WORK ITEM: Identify each line in the records below that contains the word "stroke", and copy it.

INPUT MATERIAL:

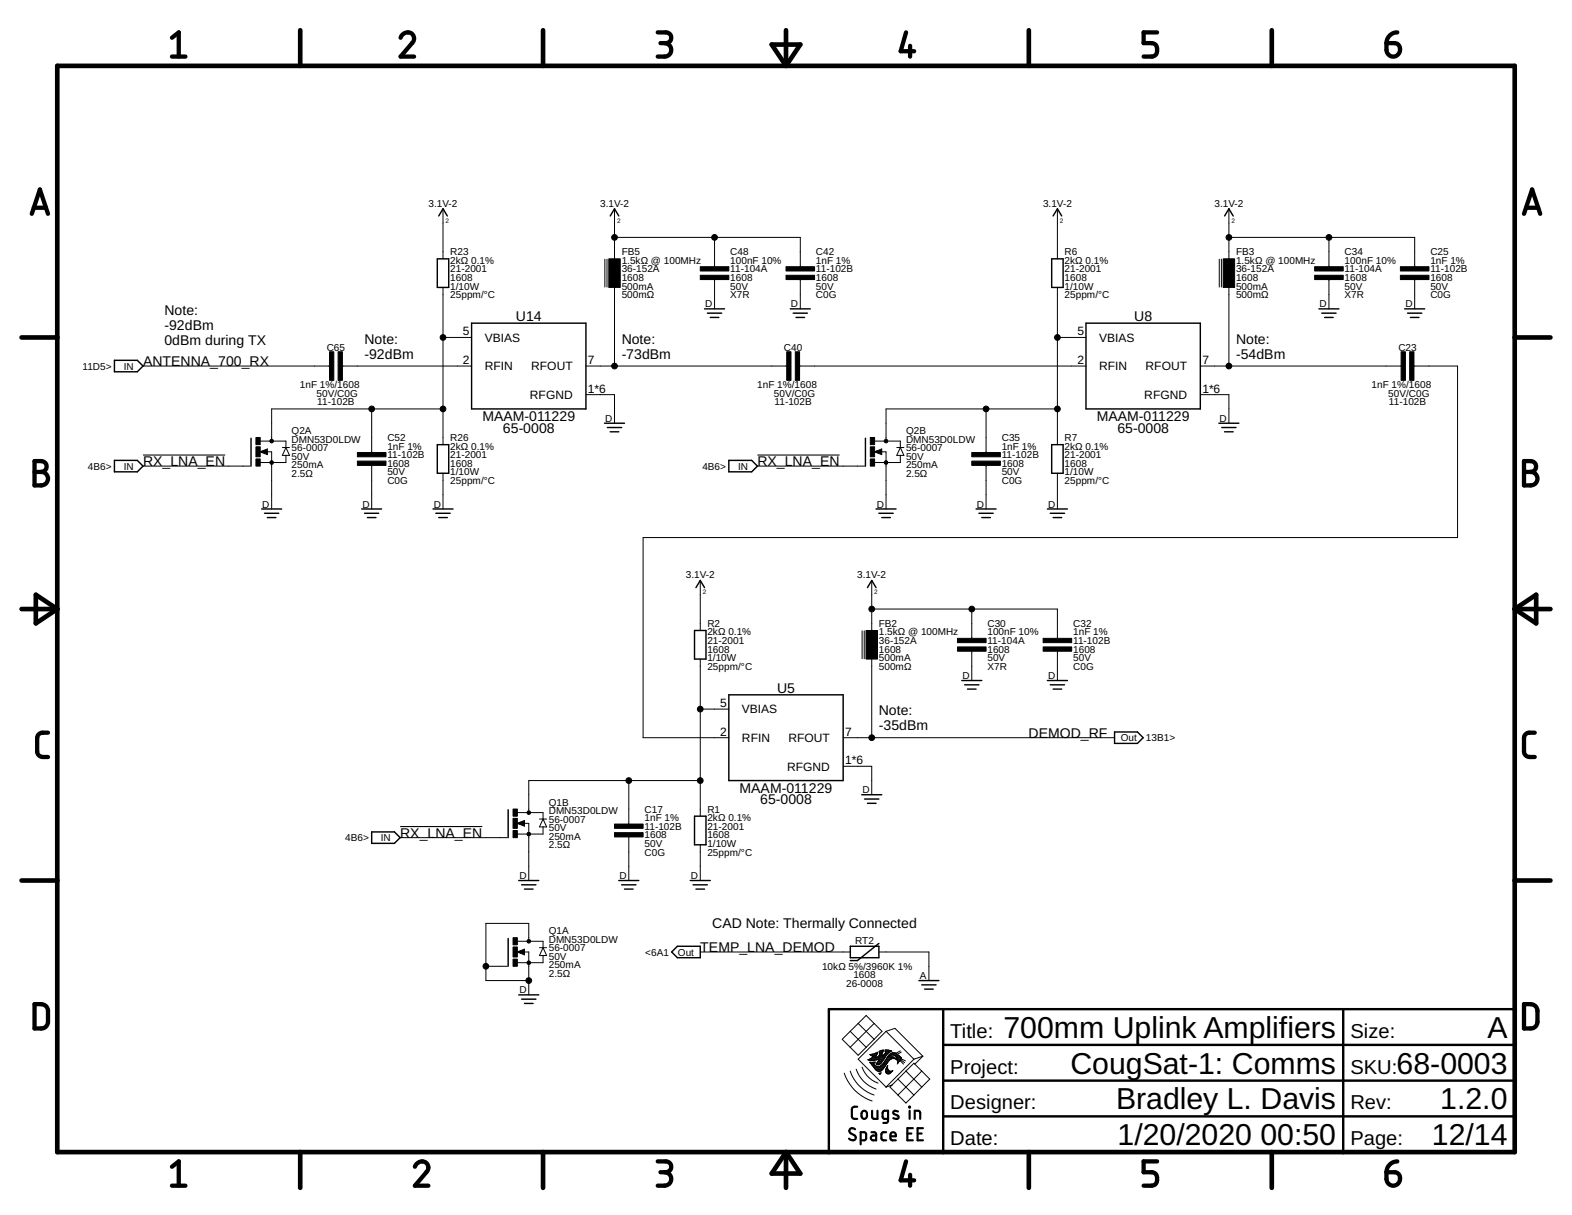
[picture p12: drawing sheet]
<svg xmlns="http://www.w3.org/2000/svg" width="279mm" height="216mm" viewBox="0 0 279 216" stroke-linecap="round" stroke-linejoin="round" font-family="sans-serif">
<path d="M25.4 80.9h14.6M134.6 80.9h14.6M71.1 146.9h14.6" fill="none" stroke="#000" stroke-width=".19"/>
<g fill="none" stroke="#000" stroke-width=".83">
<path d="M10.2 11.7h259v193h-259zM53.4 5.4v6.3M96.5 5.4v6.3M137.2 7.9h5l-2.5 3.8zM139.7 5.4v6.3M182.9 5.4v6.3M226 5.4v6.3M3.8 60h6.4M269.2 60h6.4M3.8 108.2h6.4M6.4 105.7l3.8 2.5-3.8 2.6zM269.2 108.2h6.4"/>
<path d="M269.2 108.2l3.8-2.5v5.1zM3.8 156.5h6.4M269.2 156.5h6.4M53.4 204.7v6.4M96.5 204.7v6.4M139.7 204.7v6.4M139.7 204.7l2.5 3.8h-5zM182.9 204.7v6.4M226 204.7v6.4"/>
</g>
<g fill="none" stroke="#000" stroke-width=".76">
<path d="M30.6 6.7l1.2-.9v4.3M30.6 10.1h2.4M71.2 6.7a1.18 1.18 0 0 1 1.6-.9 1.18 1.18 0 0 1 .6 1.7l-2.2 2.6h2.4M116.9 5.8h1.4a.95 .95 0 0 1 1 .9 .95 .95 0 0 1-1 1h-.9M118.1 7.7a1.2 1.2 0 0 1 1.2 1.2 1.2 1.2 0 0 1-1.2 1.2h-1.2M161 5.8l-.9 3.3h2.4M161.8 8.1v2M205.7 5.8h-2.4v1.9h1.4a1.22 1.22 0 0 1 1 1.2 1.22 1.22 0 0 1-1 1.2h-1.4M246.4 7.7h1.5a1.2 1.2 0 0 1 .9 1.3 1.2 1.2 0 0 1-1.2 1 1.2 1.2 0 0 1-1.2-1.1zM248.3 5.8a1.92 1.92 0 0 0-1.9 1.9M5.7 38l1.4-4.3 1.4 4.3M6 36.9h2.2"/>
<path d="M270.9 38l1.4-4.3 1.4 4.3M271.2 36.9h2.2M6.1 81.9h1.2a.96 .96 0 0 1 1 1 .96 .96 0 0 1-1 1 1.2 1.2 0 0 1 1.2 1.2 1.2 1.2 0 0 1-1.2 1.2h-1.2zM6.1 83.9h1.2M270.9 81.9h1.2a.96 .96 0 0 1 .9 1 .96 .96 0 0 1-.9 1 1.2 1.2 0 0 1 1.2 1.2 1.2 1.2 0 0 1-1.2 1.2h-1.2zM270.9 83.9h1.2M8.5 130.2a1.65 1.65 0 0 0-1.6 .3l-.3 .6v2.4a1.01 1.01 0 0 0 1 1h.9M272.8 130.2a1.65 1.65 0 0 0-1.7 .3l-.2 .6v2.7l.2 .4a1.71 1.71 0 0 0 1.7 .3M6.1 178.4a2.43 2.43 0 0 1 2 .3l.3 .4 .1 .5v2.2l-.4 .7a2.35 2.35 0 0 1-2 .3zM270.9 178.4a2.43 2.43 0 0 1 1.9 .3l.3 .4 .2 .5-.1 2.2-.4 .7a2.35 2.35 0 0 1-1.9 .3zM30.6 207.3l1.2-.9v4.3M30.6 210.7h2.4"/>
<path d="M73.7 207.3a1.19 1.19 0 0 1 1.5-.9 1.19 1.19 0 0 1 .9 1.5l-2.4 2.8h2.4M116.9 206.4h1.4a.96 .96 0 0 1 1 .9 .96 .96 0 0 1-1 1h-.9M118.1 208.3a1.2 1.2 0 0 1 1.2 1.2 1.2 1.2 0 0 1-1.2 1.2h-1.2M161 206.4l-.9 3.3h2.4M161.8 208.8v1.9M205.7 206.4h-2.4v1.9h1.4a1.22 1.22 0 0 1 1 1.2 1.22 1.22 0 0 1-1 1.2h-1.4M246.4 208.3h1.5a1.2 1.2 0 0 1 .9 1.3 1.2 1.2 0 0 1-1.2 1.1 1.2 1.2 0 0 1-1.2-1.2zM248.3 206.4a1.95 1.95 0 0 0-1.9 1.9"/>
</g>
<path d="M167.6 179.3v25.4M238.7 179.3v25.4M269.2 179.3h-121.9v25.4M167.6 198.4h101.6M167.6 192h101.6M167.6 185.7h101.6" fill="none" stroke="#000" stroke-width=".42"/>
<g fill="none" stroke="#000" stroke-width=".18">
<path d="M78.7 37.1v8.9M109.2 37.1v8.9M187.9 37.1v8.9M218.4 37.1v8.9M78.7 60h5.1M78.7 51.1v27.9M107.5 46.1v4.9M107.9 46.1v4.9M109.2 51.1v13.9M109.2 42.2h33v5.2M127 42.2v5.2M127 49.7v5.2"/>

TASK ANSWER:
<svg xmlns="http://www.w3.org/2000/svg" width="279mm" height="216mm" viewBox="0 0 279 216" stroke-linecap="round" stroke-linejoin="round" font-family="sans-serif">
<path d="M25.4 80.9h14.6M134.6 80.9h14.6M71.1 146.9h14.6" fill="none" stroke="#000" stroke-width=".19"/>
<g fill="none" stroke="#000" stroke-width=".83">
<g fill="none" stroke="#000" stroke-width=".76">
<path d="M167.6 179.3v25.4M238.7 179.3v25.4M269.2 179.3h-121.9v25.4M167.6 198.4h101.6M167.6 192h101.6M167.6 185.7h101.6" fill="none" stroke="#000" stroke-width=".42"/>
<g fill="none" stroke="#000" stroke-width=".18">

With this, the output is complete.